IMSTAT Procedure (Analytics)

Example 8: Storing and Scoring a Decision Tree

Details

You can store the representation of a decision tree in an in-memory table on the server and at the same time score the input table. This process generates two temporary tables: the temporary table with the tree representation and the temporary table with the scoring results.
This enables you to compute decision trees for high-cardinality problems. The results from tree building and tree scoring are available to you without transferring large amounts of data between the SAS client and the server. You can query the tree (for a drill-down, for example) and query the scoring information efficiently, using the storing and querying features of the server.
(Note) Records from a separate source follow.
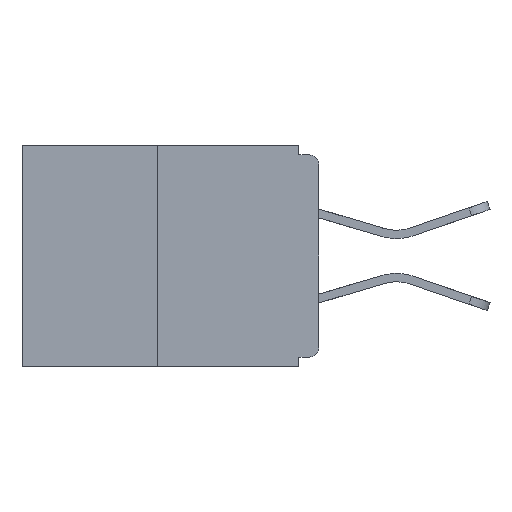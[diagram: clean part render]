
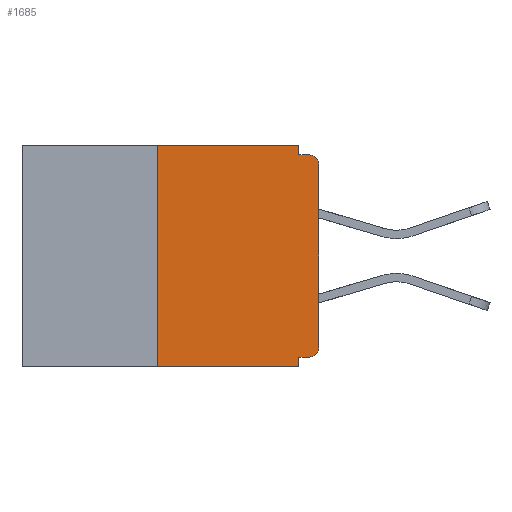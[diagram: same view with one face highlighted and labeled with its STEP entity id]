
A CAD part, left-side view. The second image highlights one B-rep face of the part: STEP entity #1685.
In plain terms, the highlighted planar face has unit normal (-1, 0, 0).
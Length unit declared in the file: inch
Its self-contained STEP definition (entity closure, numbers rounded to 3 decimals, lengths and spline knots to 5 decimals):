
#1 = DIRECTION ( 'NONE',  ( 1., 0., 0. ) ) ;
#498 = CARTESIAN_POINT ( 'NONE',  ( 0., 0.031, -0.328 ) ) ;
#543 = LINE ( 'NONE', #13136, #4789 ) ;
#752 = ORIENTED_EDGE ( 'NONE', *, *, #7247, .F. ) ;
#954 = ORIENTED_EDGE ( 'NONE', *, *, #7141, .T. ) ;
#1111 = ORIENTED_EDGE ( 'NONE', *, *, #2988, .F. ) ;
#1127 = LINE ( 'NONE', #13270, #6793 ) ;
#1144 = VECTOR ( 'NONE', #8623, 39.37008 ) ;
#1172 = LINE ( 'NONE', #13233, #12830 ) ;
#1203 = VERTEX_POINT ( 'NONE', #7945 ) ;
#1358 = AXIS2_PLACEMENT_3D ( 'NONE', #2787, #5432, #3078 ) ;
#1487 = CARTESIAN_POINT ( 'NONE',  ( 0., 0., -0.313 ) ) ;
#1506 = EDGE_CURVE ( 'NONE', #14583, #12075, #12283, .T. ) ;
#1685 = ADVANCED_FACE ( 'NONE', ( #7699 ), #14383, .F. ) ;
#1723 = LINE ( 'NONE', #12517, #11773 ) ;
#1798 = DIRECTION ( 'NONE',  ( 0., 1., 0. ) ) ;
#1858 = CARTESIAN_POINT ( 'NONE',  ( 0., 0.015, -0.313 ) ) ;
#1986 = DIRECTION ( 'NONE',  ( 0., -1., 0. ) ) ;
#2120 = ORIENTED_EDGE ( 'NONE', *, *, #9597, .T. ) ;
#2230 = VECTOR ( 'NONE', #7303, 39.37008 ) ;
#2697 = EDGE_CURVE ( 'NONE', #10191, #1203, #4186, .T. ) ;
#2787 = CARTESIAN_POINT ( 'NONE',  ( 0., 0.015, -0.03 ) ) ;
#2988 = EDGE_CURVE ( 'NONE', #10191, #6480, #7846, .T. ) ;
#3021 = DIRECTION ( 'NONE',  ( 0., 0., -1. ) ) ;
#3078 = DIRECTION ( 'NONE',  ( 0., 0., -1. ) ) ;
#3090 = ORIENTED_EDGE ( 'NONE', *, *, #2697, .T. ) ;
#3104 = DIRECTION ( 'NONE',  ( 0., -1., 0. ) ) ;
#3532 = VERTEX_POINT ( 'NONE', #12487 ) ;
#3682 = CARTESIAN_POINT ( 'NONE',  ( 0., 0.25, 0. ) ) ;
#3787 = VERTEX_POINT ( 'NONE', #498 ) ;
#4117 = CIRCLE ( 'NONE', #1358, 0.015 ) ;
#4180 = VERTEX_POINT ( 'NONE', #1487 ) ;
#4185 = LINE ( 'NONE', #11939, #1144 ) ;
#4186 = LINE ( 'NONE', #7508, #5045 ) ;
#4534 = ORIENTED_EDGE ( 'NONE', *, *, #8253, .F. ) ;
#4670 = EDGE_LOOP ( 'NONE', ( #4534, #1111, #3090, #752, #4943, #954, #2120, #6408, #10569, #10756 ) ) ;
#4789 = VECTOR ( 'NONE', #1798, 39.37008 ) ;
#4824 = EDGE_CURVE ( 'NONE', #13994, #3532, #4117, .T. ) ;
#4943 = ORIENTED_EDGE ( 'NONE', *, *, #5457, .F. ) ;
#5045 = VECTOR ( 'NONE', #9623, 39.37008 ) ;
#5432 = DIRECTION ( 'NONE',  ( -1., 0., 0. ) ) ;
#5457 = EDGE_CURVE ( 'NONE', #7410, #3787, #543, .T. ) ;
#6408 = ORIENTED_EDGE ( 'NONE', *, *, #4824, .T. ) ;
#6480 = VERTEX_POINT ( 'NONE', #3682 ) ;
#6793 = VECTOR ( 'NONE', #1986, 39.37008 ) ;
#7141 = EDGE_CURVE ( 'NONE', #7410, #4180, #10713, .T. ) ;
#7247 = EDGE_CURVE ( 'NONE', #3787, #1203, #1723, .T. ) ;
#7303 = DIRECTION ( 'NONE',  ( 0., 0., -1. ) ) ;
#7410 = VERTEX_POINT ( 'NONE', #12868 ) ;
#7508 = CARTESIAN_POINT ( 'NONE',  ( 0., 0.46, -0.343 ) ) ;
#7641 = CARTESIAN_POINT ( 'NONE',  ( 0., 0.46, 0. ) ) ;
#7699 = FACE_OUTER_BOUND ( 'NONE', #4670, .T. ) ;
#7846 = LINE ( 'NONE', #10103, #11696 ) ;
#7937 = CARTESIAN_POINT ( 'NONE',  ( 0., 0.031, 0. ) ) ;
#7945 = CARTESIAN_POINT ( 'NONE',  ( 0., 0.031, -0.343 ) ) ;
#8253 = EDGE_CURVE ( 'NONE', #6480, #14583, #1172, .T. ) ;
#8486 = AXIS2_PLACEMENT_3D ( 'NONE', #1858, #14369, #3021 ) ;
#8623 = DIRECTION ( 'NONE',  ( 0., 0., 1. ) ) ;
#9597 = EDGE_CURVE ( 'NONE', #4180, #13994, #4185, .T. ) ;
#9623 = DIRECTION ( 'NONE',  ( 0., -1., 0. ) ) ;
#9679 = EDGE_CURVE ( 'NONE', #12075, #3532, #1127, .T. ) ;
#10084 = CARTESIAN_POINT ( 'NONE',  ( 0., 0.25, -0.343 ) ) ;
#10103 = CARTESIAN_POINT ( 'NONE',  ( 0., 0.25, 0. ) ) ;
#10191 = VERTEX_POINT ( 'NONE', #10084 ) ;
#10569 = ORIENTED_EDGE ( 'NONE', *, *, #9679, .F. ) ;
#10635 = CARTESIAN_POINT ( 'NONE',  ( 0., 0.031, 0. ) ) ;
#10713 = CIRCLE ( 'NONE', #8486, 0.015 ) ;
#10756 = ORIENTED_EDGE ( 'NONE', *, *, #1506, .F. ) ;
#11352 = DIRECTION ( 'NONE',  ( 0., 0., 1. ) ) ;
#11696 = VECTOR ( 'NONE', #11352, 39.37008 ) ;
#11773 = VECTOR ( 'NONE', #13751, 39.37008 ) ;
#11851 = CARTESIAN_POINT ( 'NONE',  ( 0., 0., -0.03 ) ) ;
#11939 = CARTESIAN_POINT ( 'NONE',  ( 0., 0., 0. ) ) ;
#12075 = VERTEX_POINT ( 'NONE', #12926 ) ;
#12283 = LINE ( 'NONE', #10635, #2230 ) ;
#12487 = CARTESIAN_POINT ( 'NONE',  ( 0., 0.015, -0.015 ) ) ;
#12517 = CARTESIAN_POINT ( 'NONE',  ( 0., 0.031, -0.343 ) ) ;
#12830 = VECTOR ( 'NONE', #3104, 39.37008 ) ;
#12868 = CARTESIAN_POINT ( 'NONE',  ( 0., 0.015, -0.328 ) ) ;
#12926 = CARTESIAN_POINT ( 'NONE',  ( 0., 0.031, -0.015 ) ) ;
#13136 = CARTESIAN_POINT ( 'NONE',  ( 0., 0., -0.328 ) ) ;
#13233 = CARTESIAN_POINT ( 'NONE',  ( 0., 0.46, 0. ) ) ;
#13270 = CARTESIAN_POINT ( 'NONE',  ( 0., 0., -0.015 ) ) ;
#13751 = DIRECTION ( 'NONE',  ( 0., 0., -1. ) ) ;
#13991 = AXIS2_PLACEMENT_3D ( 'NONE', #7641, #1, #14607 ) ;
#13994 = VERTEX_POINT ( 'NONE', #11851 ) ;
#14369 = DIRECTION ( 'NONE',  ( -1., 0., 0. ) ) ;
#14383 = PLANE ( 'NONE',  #13991 ) ;
#14583 = VERTEX_POINT ( 'NONE', #7937 ) ;
#14607 = DIRECTION ( 'NONE',  ( 0., 0., -1. ) ) ;

Also, by storing them as temporary tables, you can process them with other IMSTAT procedure statements.

Program

libname example sasiola host="grid001.example.com" port=10010 tag='hps';

data example.heart; 
    set sashelp.heart;
run;

proc imstat;
  table example.heart;
  decisiontree Weight / input=(Sex DeathCause 
                               Chol_Status 
                               BP_Status Weight 
                               Smoking_Status) 
                        nbinstarget=5 
                        temptable   1
                        vars=(Sex DeathCause 
                              Chol_Status 
                              BP_Status Weight 
                              Smoking_Status)
                        nomissobs;
run;

  table example._&temptree_;  2
  /* tableinfo; */
  /* columninfo; */
  fetch _CI0_ _CI1_ _Val0_ _Val1_ _Parent_ -- _TargetUpperbd_ 
        / from=1 to=10 format;
run;
  
  table example.&_tempscore_;   3
  /* tableinfo; */
  /* columninfo; */
  where _NodeList2_=6;
  fetch / from=1 to=5 format;
run;

  table example.heart;
  decisiontree Weight / treelasr=example.&_temptree_;  4
run;

Program Description

  1. The TEMPTABLE option specifies to save the decision tree and the scoring results in in-memory tables on the server.
  2. The &_TEMPTREE_ macro variable is used to access the representation of the decision tree and the following FETCH statement prints a subset of the variables from the first ten rows.
  3. The &_TEMPSCORE_ macro variable is used to access the scoring table. The following FETCH statement prints the first five rows.
  4. The TREELASR= option demonstrates how to score an input table explicitly that is already in memory.

Output

Partial Results for the Decision Tree Created from the Heart Data Set
Tree node information for the Heart data set
Partial Results for the Scoring Table
Scoring information for the Heart data set
When the tree is scored with the DECISIONTREE statement (the last statement in the example), the misclassification rate information is printed to the SAS log.
Misclassification Rate Information
NOTE: The misclassification rate for scoring the decision tree is 0.368401 
      using table EXAMPLE.HEART with 5209 records out of 5209.